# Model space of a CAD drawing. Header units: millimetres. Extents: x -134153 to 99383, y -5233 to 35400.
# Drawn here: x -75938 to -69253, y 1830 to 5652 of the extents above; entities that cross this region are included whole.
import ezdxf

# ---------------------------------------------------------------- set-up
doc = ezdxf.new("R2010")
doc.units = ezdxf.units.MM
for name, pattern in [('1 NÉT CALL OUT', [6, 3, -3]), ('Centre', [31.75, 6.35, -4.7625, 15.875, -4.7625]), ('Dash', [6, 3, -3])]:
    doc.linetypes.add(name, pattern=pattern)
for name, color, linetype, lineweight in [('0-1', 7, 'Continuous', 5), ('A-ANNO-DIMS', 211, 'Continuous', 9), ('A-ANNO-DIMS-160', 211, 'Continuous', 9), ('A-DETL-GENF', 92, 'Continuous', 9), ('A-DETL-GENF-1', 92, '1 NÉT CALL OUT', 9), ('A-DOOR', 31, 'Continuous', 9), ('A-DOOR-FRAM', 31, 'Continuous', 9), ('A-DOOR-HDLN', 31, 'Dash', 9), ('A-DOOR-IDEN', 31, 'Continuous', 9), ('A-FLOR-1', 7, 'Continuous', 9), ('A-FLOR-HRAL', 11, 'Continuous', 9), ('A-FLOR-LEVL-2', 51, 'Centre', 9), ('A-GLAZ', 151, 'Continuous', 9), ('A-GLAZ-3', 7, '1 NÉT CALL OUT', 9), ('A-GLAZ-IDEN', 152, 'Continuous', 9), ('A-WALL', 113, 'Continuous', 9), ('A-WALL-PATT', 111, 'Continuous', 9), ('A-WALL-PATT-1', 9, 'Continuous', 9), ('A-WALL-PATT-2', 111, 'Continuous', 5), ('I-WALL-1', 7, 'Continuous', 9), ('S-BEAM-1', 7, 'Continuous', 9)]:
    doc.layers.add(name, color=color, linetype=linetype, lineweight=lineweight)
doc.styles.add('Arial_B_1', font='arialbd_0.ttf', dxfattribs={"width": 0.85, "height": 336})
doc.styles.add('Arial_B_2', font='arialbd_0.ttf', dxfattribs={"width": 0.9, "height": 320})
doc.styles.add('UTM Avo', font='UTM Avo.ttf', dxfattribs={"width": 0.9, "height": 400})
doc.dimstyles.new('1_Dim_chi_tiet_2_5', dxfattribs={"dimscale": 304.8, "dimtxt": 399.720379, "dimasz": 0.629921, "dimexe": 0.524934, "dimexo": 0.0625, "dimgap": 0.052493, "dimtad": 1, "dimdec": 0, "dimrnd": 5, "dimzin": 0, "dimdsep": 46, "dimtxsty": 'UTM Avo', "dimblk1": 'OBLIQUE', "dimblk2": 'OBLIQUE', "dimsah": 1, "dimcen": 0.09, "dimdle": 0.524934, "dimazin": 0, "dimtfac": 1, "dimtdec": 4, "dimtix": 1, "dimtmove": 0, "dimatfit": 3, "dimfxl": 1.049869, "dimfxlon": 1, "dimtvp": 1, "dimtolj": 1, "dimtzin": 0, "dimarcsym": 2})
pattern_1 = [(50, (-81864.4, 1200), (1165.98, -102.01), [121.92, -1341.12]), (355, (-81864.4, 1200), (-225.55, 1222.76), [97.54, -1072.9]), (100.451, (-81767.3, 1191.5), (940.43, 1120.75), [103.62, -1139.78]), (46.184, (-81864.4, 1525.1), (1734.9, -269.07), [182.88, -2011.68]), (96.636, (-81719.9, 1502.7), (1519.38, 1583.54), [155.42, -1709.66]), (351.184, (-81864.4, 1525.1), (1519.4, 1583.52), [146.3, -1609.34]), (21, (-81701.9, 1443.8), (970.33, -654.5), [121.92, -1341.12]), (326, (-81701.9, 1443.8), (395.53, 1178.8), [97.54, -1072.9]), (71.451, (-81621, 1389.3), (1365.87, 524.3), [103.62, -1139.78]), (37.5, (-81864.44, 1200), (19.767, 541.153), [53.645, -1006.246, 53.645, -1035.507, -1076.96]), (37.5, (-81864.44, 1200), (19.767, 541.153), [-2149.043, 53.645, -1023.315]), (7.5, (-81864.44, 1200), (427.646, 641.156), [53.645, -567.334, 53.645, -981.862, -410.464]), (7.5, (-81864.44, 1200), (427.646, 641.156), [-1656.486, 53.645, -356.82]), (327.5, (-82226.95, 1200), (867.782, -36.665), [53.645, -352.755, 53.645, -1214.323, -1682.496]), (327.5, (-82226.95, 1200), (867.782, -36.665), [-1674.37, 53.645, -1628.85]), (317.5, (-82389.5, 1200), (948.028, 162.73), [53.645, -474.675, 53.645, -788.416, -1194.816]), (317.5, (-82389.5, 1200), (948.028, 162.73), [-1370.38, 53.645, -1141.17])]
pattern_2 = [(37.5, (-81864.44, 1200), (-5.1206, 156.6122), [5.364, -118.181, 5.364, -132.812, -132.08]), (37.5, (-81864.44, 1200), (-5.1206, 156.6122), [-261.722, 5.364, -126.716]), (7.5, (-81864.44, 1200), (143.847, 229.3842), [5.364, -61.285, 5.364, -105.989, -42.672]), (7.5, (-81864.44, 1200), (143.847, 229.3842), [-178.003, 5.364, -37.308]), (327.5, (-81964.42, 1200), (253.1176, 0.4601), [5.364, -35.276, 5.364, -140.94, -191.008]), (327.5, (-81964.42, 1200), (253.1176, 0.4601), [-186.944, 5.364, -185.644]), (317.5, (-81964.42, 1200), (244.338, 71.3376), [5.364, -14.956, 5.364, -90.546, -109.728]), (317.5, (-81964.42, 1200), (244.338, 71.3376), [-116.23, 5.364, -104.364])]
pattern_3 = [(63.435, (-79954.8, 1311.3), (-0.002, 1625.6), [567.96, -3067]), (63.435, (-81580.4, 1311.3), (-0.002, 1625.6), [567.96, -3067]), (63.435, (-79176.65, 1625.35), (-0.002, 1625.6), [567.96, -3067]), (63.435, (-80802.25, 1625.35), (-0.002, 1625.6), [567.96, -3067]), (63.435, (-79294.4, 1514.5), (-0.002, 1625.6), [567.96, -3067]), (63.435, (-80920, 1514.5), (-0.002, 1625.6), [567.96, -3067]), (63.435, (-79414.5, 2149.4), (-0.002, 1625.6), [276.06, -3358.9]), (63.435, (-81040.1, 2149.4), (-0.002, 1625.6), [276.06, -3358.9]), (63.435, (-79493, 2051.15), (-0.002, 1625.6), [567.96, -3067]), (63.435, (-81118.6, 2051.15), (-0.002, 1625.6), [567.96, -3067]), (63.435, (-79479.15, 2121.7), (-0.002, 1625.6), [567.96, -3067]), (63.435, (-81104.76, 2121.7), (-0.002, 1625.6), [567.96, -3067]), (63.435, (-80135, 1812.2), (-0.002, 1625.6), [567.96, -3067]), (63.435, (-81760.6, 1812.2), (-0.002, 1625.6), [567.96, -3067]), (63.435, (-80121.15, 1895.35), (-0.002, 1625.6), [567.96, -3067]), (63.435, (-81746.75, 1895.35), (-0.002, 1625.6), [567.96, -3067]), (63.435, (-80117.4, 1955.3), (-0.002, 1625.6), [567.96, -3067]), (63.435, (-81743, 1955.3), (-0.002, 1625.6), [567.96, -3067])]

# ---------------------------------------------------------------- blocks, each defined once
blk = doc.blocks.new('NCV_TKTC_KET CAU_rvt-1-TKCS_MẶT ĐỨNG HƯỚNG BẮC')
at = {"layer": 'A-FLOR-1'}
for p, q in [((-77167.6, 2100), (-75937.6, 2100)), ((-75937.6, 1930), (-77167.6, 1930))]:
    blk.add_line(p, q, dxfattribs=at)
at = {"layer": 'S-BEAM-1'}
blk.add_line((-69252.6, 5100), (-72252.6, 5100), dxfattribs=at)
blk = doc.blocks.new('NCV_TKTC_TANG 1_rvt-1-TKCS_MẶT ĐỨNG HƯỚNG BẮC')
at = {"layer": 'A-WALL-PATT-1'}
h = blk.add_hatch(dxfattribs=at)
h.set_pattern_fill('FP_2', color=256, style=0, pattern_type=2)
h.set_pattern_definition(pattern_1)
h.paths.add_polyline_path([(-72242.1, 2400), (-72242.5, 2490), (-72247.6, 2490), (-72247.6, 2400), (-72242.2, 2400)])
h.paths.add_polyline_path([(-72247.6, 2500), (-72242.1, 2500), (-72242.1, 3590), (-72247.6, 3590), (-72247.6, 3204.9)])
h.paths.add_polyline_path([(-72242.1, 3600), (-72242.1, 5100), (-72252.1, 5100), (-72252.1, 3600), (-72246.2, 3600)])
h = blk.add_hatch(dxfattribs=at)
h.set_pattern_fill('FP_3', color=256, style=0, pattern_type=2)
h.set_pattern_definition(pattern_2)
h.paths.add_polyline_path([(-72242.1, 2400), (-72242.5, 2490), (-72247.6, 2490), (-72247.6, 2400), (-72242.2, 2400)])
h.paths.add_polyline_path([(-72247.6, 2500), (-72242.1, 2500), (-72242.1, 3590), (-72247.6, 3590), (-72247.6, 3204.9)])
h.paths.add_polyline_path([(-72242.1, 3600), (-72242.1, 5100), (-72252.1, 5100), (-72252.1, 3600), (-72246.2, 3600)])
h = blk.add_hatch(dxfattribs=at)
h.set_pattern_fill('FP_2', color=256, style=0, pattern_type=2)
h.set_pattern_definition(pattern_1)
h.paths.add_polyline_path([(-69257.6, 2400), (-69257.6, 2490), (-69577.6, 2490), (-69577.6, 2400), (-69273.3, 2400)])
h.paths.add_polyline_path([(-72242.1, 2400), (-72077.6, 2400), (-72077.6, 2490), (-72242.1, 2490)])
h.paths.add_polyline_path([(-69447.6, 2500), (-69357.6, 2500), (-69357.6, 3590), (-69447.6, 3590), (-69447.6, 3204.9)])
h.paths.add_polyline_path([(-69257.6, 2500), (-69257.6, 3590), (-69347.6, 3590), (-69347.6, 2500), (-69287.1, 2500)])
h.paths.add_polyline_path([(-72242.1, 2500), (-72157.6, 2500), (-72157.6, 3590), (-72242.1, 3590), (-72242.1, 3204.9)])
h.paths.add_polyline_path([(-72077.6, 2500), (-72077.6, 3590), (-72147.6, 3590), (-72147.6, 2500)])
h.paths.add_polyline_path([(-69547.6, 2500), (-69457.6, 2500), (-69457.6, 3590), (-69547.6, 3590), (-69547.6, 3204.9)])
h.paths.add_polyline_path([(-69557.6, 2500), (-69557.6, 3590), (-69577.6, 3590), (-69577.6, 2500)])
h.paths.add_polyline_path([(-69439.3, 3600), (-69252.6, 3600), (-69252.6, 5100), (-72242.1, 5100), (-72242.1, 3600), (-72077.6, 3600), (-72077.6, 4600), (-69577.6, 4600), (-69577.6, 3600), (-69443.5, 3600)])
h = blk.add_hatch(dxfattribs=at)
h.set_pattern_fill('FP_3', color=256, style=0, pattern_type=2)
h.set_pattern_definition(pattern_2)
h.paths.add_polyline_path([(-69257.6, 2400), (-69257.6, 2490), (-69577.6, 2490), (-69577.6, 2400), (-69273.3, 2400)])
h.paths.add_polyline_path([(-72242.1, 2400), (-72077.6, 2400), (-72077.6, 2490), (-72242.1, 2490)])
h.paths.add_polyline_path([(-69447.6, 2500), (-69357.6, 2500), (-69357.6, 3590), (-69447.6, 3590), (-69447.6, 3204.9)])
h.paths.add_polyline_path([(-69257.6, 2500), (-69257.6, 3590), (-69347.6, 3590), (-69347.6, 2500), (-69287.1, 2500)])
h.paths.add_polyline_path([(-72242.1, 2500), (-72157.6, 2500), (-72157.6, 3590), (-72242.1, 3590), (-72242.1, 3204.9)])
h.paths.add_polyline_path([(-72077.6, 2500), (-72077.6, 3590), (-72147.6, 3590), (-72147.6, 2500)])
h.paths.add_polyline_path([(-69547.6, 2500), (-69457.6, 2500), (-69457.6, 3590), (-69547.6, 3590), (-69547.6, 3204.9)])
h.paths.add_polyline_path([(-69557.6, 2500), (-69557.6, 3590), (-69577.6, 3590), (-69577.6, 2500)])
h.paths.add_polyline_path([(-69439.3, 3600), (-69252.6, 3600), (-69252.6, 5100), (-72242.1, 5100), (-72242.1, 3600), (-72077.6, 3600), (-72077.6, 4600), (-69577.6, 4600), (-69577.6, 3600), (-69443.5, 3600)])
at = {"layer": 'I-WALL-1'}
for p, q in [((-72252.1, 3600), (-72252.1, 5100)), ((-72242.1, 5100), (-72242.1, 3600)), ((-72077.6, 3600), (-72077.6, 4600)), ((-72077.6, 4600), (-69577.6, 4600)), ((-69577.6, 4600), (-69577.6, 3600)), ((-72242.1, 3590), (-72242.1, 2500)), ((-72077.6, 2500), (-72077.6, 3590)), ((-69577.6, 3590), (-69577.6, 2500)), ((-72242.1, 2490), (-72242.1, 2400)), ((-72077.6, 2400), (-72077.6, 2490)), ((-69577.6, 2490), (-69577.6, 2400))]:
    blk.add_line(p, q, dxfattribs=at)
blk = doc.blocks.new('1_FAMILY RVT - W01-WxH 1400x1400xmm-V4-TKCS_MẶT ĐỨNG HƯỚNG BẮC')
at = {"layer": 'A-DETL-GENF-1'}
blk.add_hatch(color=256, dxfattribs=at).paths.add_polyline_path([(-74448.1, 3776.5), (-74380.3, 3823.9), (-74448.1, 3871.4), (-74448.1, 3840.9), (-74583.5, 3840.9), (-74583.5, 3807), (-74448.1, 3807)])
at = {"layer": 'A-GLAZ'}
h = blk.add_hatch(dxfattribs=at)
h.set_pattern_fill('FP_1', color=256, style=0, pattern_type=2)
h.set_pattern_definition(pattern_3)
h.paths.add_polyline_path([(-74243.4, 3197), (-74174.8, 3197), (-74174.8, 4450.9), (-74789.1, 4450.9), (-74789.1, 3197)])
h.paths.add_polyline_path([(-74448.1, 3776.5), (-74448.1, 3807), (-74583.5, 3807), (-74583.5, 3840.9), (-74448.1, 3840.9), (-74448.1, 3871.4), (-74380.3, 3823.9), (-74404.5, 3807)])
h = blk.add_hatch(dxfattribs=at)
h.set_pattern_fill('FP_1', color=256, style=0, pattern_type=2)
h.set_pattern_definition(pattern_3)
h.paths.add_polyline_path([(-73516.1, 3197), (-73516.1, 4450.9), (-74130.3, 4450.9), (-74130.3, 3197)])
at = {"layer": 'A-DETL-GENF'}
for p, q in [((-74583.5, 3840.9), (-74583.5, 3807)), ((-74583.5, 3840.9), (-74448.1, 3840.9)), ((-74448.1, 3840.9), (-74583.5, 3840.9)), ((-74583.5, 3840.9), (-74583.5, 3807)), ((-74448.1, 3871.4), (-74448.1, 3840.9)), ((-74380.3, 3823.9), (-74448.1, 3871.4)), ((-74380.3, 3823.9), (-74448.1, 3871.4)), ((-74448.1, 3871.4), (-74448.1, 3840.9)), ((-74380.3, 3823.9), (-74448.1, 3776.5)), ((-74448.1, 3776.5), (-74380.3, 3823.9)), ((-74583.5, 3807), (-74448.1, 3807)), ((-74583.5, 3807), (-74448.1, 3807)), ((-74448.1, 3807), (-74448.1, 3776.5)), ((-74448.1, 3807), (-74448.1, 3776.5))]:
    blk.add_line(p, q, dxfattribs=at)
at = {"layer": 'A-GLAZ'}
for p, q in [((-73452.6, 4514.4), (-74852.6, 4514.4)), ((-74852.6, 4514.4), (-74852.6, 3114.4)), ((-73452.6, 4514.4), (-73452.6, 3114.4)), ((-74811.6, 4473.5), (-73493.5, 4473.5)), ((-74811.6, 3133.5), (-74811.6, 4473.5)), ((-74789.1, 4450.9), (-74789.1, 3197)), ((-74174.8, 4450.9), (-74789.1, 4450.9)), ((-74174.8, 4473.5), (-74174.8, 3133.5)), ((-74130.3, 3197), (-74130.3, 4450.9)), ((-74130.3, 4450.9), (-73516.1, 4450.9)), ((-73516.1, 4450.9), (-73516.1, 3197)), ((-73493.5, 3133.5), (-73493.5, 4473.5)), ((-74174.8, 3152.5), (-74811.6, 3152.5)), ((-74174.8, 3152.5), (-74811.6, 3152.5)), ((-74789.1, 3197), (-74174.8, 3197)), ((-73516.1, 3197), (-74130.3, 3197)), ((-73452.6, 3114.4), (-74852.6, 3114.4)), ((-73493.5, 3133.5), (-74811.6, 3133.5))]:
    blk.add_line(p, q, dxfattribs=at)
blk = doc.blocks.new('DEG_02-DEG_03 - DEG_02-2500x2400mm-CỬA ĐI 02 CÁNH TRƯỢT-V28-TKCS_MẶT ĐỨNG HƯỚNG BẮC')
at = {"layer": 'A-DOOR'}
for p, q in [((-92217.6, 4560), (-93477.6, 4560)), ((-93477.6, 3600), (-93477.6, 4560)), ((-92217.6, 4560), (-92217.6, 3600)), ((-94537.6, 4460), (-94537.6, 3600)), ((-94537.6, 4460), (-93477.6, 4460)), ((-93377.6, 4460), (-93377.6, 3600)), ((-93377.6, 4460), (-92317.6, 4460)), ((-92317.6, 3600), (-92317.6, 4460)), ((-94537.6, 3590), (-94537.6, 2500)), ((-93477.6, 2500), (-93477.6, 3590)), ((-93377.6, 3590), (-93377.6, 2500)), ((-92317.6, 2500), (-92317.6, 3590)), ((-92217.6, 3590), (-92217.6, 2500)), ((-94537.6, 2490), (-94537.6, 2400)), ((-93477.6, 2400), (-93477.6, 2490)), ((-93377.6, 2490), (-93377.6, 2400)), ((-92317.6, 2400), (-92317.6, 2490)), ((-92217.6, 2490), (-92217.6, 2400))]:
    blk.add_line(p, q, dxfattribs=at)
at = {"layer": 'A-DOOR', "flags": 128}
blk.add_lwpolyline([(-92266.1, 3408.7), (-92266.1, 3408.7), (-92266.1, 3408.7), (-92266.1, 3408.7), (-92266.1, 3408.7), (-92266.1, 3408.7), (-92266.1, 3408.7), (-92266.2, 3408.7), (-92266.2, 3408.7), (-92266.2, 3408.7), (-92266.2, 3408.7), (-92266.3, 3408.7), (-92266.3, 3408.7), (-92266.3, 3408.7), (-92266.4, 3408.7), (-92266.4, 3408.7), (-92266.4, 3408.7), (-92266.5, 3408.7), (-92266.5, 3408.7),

_ _ _

WORK REQUEST: When you reach the line that contains "doc.linetypes.add(name, pattern=pattern)", stop; output it and every line before it from the start of the data, exactly as written.

REPLY:
# Model space of a CAD drawing. Header units: millimetres. Extents: x -134153 to 99383, y -5233 to 35400.
# Drawn here: x -75938 to -69253, y 1830 to 5652 of the extents above; entities that cross this region are included whole.
import ezdxf

# ---------------------------------------------------------------- set-up
doc = ezdxf.new("R2010")
doc.units = ezdxf.units.MM
for name, pattern in [('1 NÉT CALL OUT', [6, 3, -3]), ('Centre', [31.75, 6.35, -4.7625, 15.875, -4.7625]), ('Dash', [6, 3, -3])]:
    doc.linetypes.add(name, pattern=pattern)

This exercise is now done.